Nach dem zweiten Weltkrieg weitete McGraw-Hill vor allem das Lehrbuch-Segment aus. Neben den etablierten Reihen für College-Studenten wurden jetzt auch Schulbücher für Grund- und weiterführende Schulen aus allen Unterrichtsbereichen produziert. 1966 stieg McGraw-Hill mit dem Kauf der Rating-Agentur Standard & Poor’s in den Bereich der Business-Information und Analyse ein.

Peinlich wurde für den Konzern das Jahr 1970. Ein damals unbekannter Autor hatte einem der McGraw-Hill-Buchverlage eine Biographie des angeblich im Sterben liegenden, exzentrisch-zurückgezogen lebenden Milliardärs Howard Hughes angeboten, die sogar von diesem autorisiert sei. Doch das Buch war eine Fälschung, Hughes erschien aus der Versenkung und klagte gegen Verlag und den Autor, der zu 30 Monaten Gefängnis verurteilt wurde.

1972 expandierte das Unternehmen erstmals Richtung elektronische Medien und erwarb TV-Stationen u.a. in San Diego, Indianapolis und Denver.

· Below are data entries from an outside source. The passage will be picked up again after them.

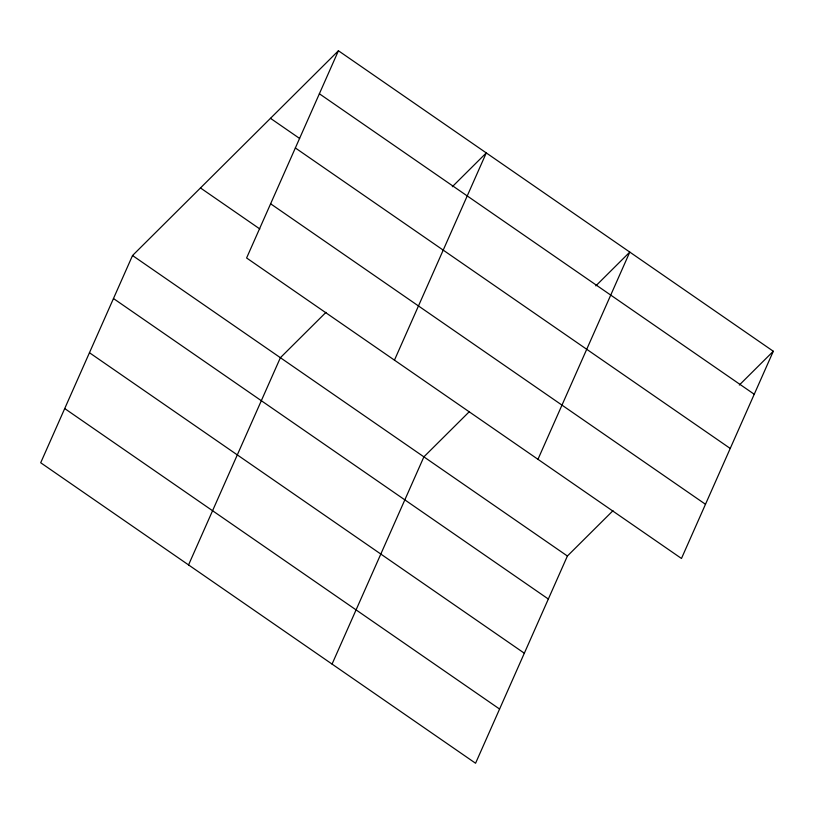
<?xml version="1.0" encoding="UTF-8"?>
<svg xmlns="http://www.w3.org/2000/svg" width="814" height="814" viewBox="0 0 814 814"><rect width="100%" height="100%" fill="white"/><g stroke="black" fill="none" stroke-linecap="round" stroke-linejoin="round"><path stroke-width="1.22" d="M338.431 50.753L246.601 257.977L681.471 558.475L773.3 351.251L338.431 50.753L132.529 255.525L40.7 462.749L475.569 763.247L567.399 556.023L612.993 510.683M188.553 564.916L280.382 357.702L325.976 312.352M394.454 360.144L486.284 152.92L452.309 186.711M332.061 664.082L423.891 456.858L469.485 411.518M537.962 459.31L629.792 252.086L595.817 285.877M739.326 385.042L773.3 351.251M319.373 93.763L754.242 394.261M270.482 118.325L299.633 138.472M295.35 147.955L730.229 448.443M270.614 203.785L705.484 504.283M200.478 187.953L259.829 228.968M132.529 255.525L567.399 556.023M113.472 298.534L548.341 599.033M89.459 352.727L524.328 653.225M64.713 408.557L499.593 709.055"/></g></svg>
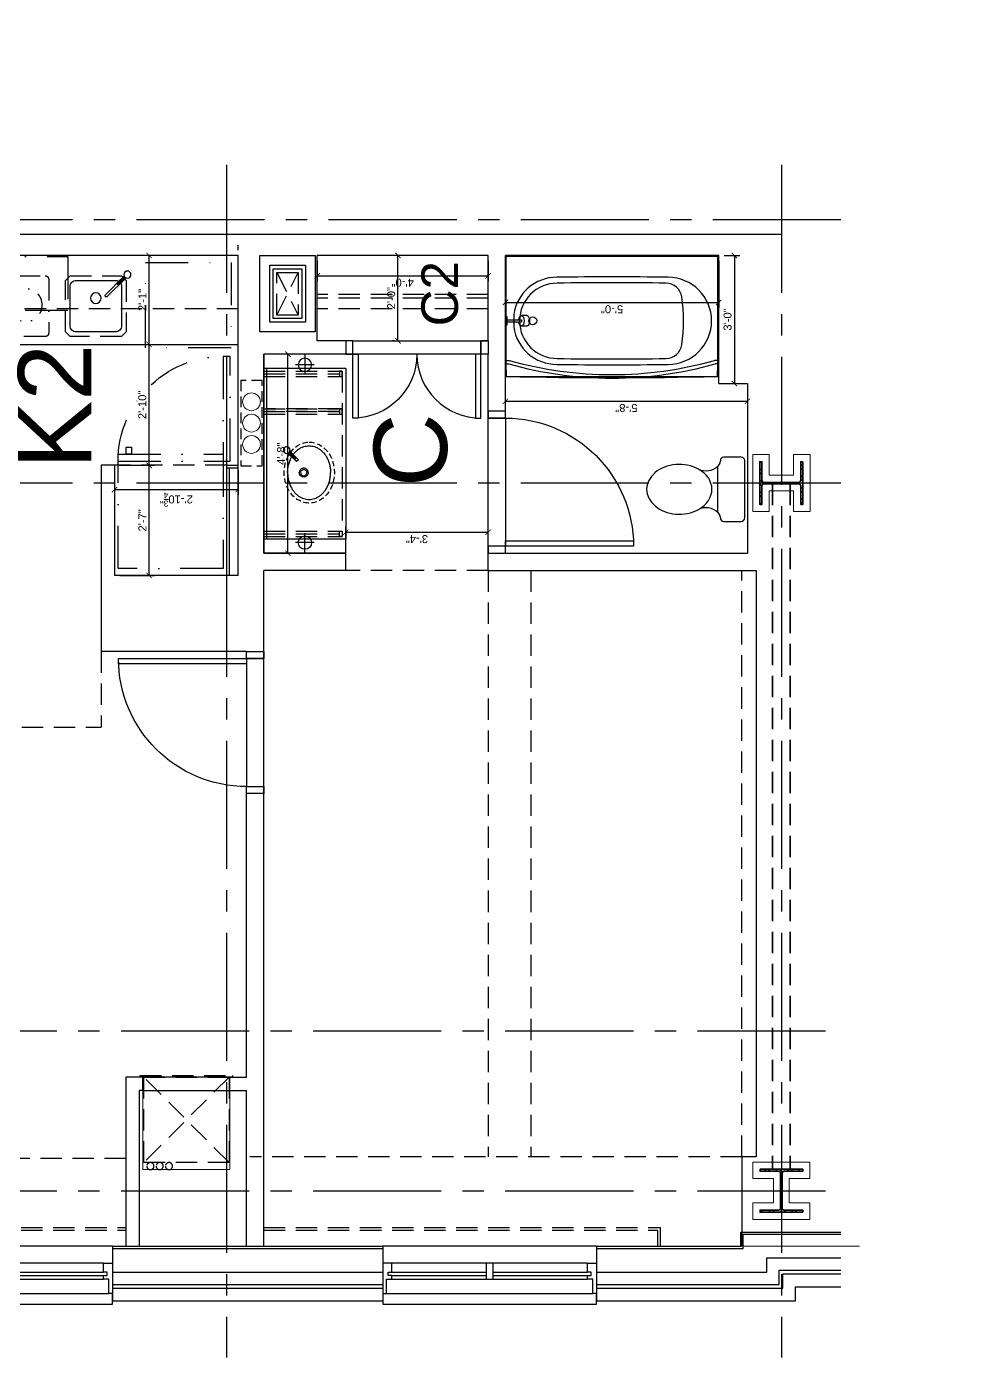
# Model space of a CAD drawing. Header units: inches. Extents: x 5995 to 10907, y 3795 to 5123.
# Drawn here: x 10049 to 10310.8, y 4275.2 to 4653.5 of the extents above; entities that cross this region are included whole.
import ezdxf
from ezdxf.xclip import XClip

# ---------------------------------------------------------------- set-up
doc = ezdxf.new("R2010")
doc.units = ezdxf.units.IN
doc.header["$LTSCALE"] = 48
doc.header["$MEASUREMENT"] = 0
doc.header["$XCLIPFRAME"] = 0
for name, pattern in [('CENTER2', [1.125, 0.75, -0.125, 0.125, -0.125]), ('DASHDOT2', [0.5, 0.25, -0.125, 0, -0.125]), ('HIDDEN', [0.375, 0.25, -0.125]), ('HIDDEN2', [0.1875, 0.125, -0.0625])]:
    doc.linetypes.add(name, pattern=pattern)
for name, color, linetype in [('_0_Objects', 8, 'Continuous'), ('A-Door', 8, 'Continuous'), ('A-Door-Head', 8, 'Continuous'), ('A-Eqpm', 8, 'Continuous'), ('A-Eqpm-NIC', 8, 'DASHDOT2'), ('A-Flor-Case', 8, 'Continuous'), ('A-Flor-Case-Hidden', 8, 'HIDDEN2'), ('A-Flor-Outline', 8, 'Continuous'), ('A-Flor-Ovhd', 8, 'HIDDEN2'), ('A-Flor-Pfix', 8, 'Continuous'), ('A-Flor-Soffit', 8, 'HIDDEN2'), ('A-Flor-Spcl', 8, 'Continuous'), ('A-Flor-Wall Mtd Fixture', 8, 'Continuous'), ('A-Glaz', 8, 'Continuous'), ('A-Glaz-Sill', 8, 'Continuous'), ('A-Grid(3-32)', 8, 'CENTER2'), ('A-HVAC', 8, 'HIDDEN2'), ('A-Roof-Below', 8, 'Continuous'), ('A-Wall-Full', 8, 'Continuous'), ('A-Wall-Hatch', 8, 'Continuous')]:
    doc.layers.add(name, color=color, linetype=linetype)
for name, color, linetype, lineweight in [('A-Detl-Hatch', 8, 'Continuous', 18), ('S-Detl-Hatch', 8, 'Continuous', 18), ('S-Detl-Wide', 8, 'Continuous', 35)]:
    doc.layers.add(name, color=color, linetype=linetype, lineweight=lineweight)
doc.layers.add('G-Anno-Nplt', color=8, linetype='Continuous', lineweight=18, plot=False)
doc.layers.add('G-Anno-View', color=8, linetype='Continuous', lineweight=18, plot=False)
doc.styles.add('G1DIM', font='arial.ttf')
doc.dimstyles.new('Aec-Arch-I-96', dxfattribs={"dimscale": 96, "dimtxt": 0.09375, "dimasz": 0.0625, "dimexe": 0.0625, "dimexo": 0.0625, "dimgap": 0.03125, "dimtad": 1, "dimdec": 3, "dimzin": 3, "dimdsep": 46, "dimlunit": 4, "dimtxsty": 'G1DIM', "dimblk": 'ARCHTICK', "dimcen": 0.09375, "dimclrd": 256, "dimclre": 256, "dimclrt": 256, "dimazin": 2, "dimtfac": 0.75, "dimtdec": 3, "dimtix": 1, "dimtmove": 2, "dimatfit": 2, "dimldrblk": 'OPEN90', "dimfxl": 0.0625, "dimtolj": 1, "dimtzin": 0, "dimarcsym": 0})

# ---------------------------------------------------------------- blocks, each defined once
blk = doc.blocks.new('36in door')
blk.add_lwpolyline([(-1.5, -36), (0, -36), (0, 0), (-1.5, 0)], close=True)
blk.add_arc((0, 0), 36, 180, 270)
blk = doc.blocks.new('HVAC UNIT NICHE')
at = {"layer": 'A-Door-Head'}
blk.add_lwpolyline([(4, 0), (28.5, 0), (28.5, -3.75), (4, -3.75)], close=True, dxfattribs=at)
at = {"layer": 'A-HVAC'}
for p, q in [((4.25, 0), (28.25, -24)), ((4.25, -24), (28.25, 0))]:
    blk.add_line(p, q, dxfattribs=at)
for points in [[(3.25, 0), (29.25, 0), (29.25, 0.5), (3.25, 0.5)], [(4.25, -24), (28.25, -24), (28.25, 0), (4.25, 0)]]:
    blk.add_lwpolyline(points, close=True, dxfattribs=at)
for centre in [(21.13, -25), (23.75, -25), (26.36, -25)]:
    blk.add_circle(centre, 1, dxfattribs=at)
at = {"layer": 'A-Wall-Full'}
for p, q in [((4, 0), (0, 0)), ((4, -3.75), (4, 0)), ((28.5, 0), (33.25, 0)), ((28.5, -3.75), (28.5, 0)), ((33.25, 0), (33.25, -26)), ((4, -3.75), (0, -3.75)), ((28.5, -3.75), (29.5, -3.75)), ((29.5, -3.75), (29.5, -26))]:
    blk.add_line(p, q, dxfattribs=at)
at = {"layer": 'G-Anno-Nplt'}
blk.add_lwpolyline([(4, 0), (4, -26), (28.5, -26), (28.5, 0)], close=True, dxfattribs=at)
blk = doc.blocks.new('refrigerator')
blk.add_line((-30.125, 0), (-30.125, -29.5))
for points in [[(-32.125, -29.5), (0, -29.5), (0, 0), (-32.125, 0)], [(-34.125, -3.75), (-32.125, -3.75), (-32.125, -2.25), (-34.125, -2.25)], [(-59.625, -31.5), (-59.625, -29.5), (-30.125, -29.5), (-30.125, -31.5)]]:
    blk.add_lwpolyline(points, close=True)
blk.add_arc((-30.125, -29.5), 29.5, 90, 183.88744)
blk = doc.blocks.new('kitchen faucet')
for p, q in [((0.93, 0.38), (8.38, 0.38)), ((1, 0.12), (4, 0.12)), ((4, -0.12), (4, 0.12)), ((0.93, -0.38), (8.38, -0.38)), ((1, -0.12), (4, -0.12))]:
    blk.add_line(p, q)
blk.add_circle((0, 0), 1)
blk.add_arc((8.38, 0), 0.375, 270, 90)
blk = doc.blocks.new('kitchen sink')
blk.add_lwpolyline([(-14.94, -6.97, 0.143329), (-14, -7.25), (-3, -7.25, 0.414214), (-1.25, -5.5), (-1.25, 5.5, 0.414214), (-3, 7.25), (-14, 7.25, 0.414214), (-15.75, 5.5), (-15.75, -5.5, 0.143329), (-15.47, -6.44, 0.143329)], format="xyb")
blk.add_circle((-10.75, 0), 1.5)
at = {"layer": 'A-Flor-Case-Hidden'}
for p, q in [((-15.75, 8.5), (-17, 7.25)), ((-1.25, 8.5), (0, 7.25)), ((-16.64, -7.61), (-17, -7.25)), ((-1.25, -8.5), (0, -7.25)), ((-15.75, -8.5), (-16.11, -8.14))]:
    blk.add_line(p, q, dxfattribs=at)
for points in [[(-1.25, 8.5), (-15.75, 8.5)], [(-17, 7.25), (-17, -7.25)], [(0, -7.25), (0, 7.25)], [(-15.75, -8.5), (-1.25, -8.5)]]:
    blk.add_lwpolyline(points, dxfattribs=at)
at = {"rotation": 45.00000000000001}
blk.add_blockref('kitchen faucet', (-17.38, -8.88), dxfattribs=at)
blk = doc.blocks.new('cooktop')
at = {"ltscale": 0.5}
blk.add_lwpolyline([(-7.56, -21.5), (7.56, -21.5, 0.414214), (8.56, -20.5), (8.56, -1, 0.414214), (7.56, 0), (-7.56, 0, 0.414214), (-8.56, -1), (-8.56, -20.5, 0.414214)], format="xyb", close=True, dxfattribs=at)
for centre, radius in [((-3.27, -5.47), 3), ((6.32, -3.4), 0.75), ((6.32, -6.24), 0.75), ((-0.31, -15.05), 4.66)]:
    blk.add_circle(centre, radius, dxfattribs=at)
blk = doc.blocks.new('_ArchTick')
at = {"linetype": 'ByBlock', "const_width": 0.15}
blk.add_lwpolyline([(-0.5, -0.5), (0.5, 0.5)], dxfattribs=at)
blk = doc.blocks.new('*D177')
at = {"layer": 'Defpoints', "transparency": 16777216}
for p in [(-90, 34.75), (-59, 34.87), (-59, 25.02)]:
    blk.add_point(p, dxfattribs=at)
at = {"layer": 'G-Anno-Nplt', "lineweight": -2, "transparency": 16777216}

Eine schleppende Geschäftsentwicklung insgesamt und dagegen überdurchschnittlich gute Ergebnisse bei Standard & Poor’s führten 1979 zu einem – allerdings erfolglosen – Übernahmeversuch durch American Express. 1980 überstiegen die Umsätze erstmals die Grenze von einer Milliarde US-Dollar. 1995 wurde das Unternehmen in drei Geschäftsbereiche Education, Financial Services und Information & Media Services umstrukturiert, 1996 lag der Umsatz bereits bei über drei Mrd. US-Dollar. Nach einem „familienfremden“ Interregnum von 1988-1998 führte mit Harold McGraw III bis 2013 der Nachkomme eines Firmengründers das Verlagsimperium.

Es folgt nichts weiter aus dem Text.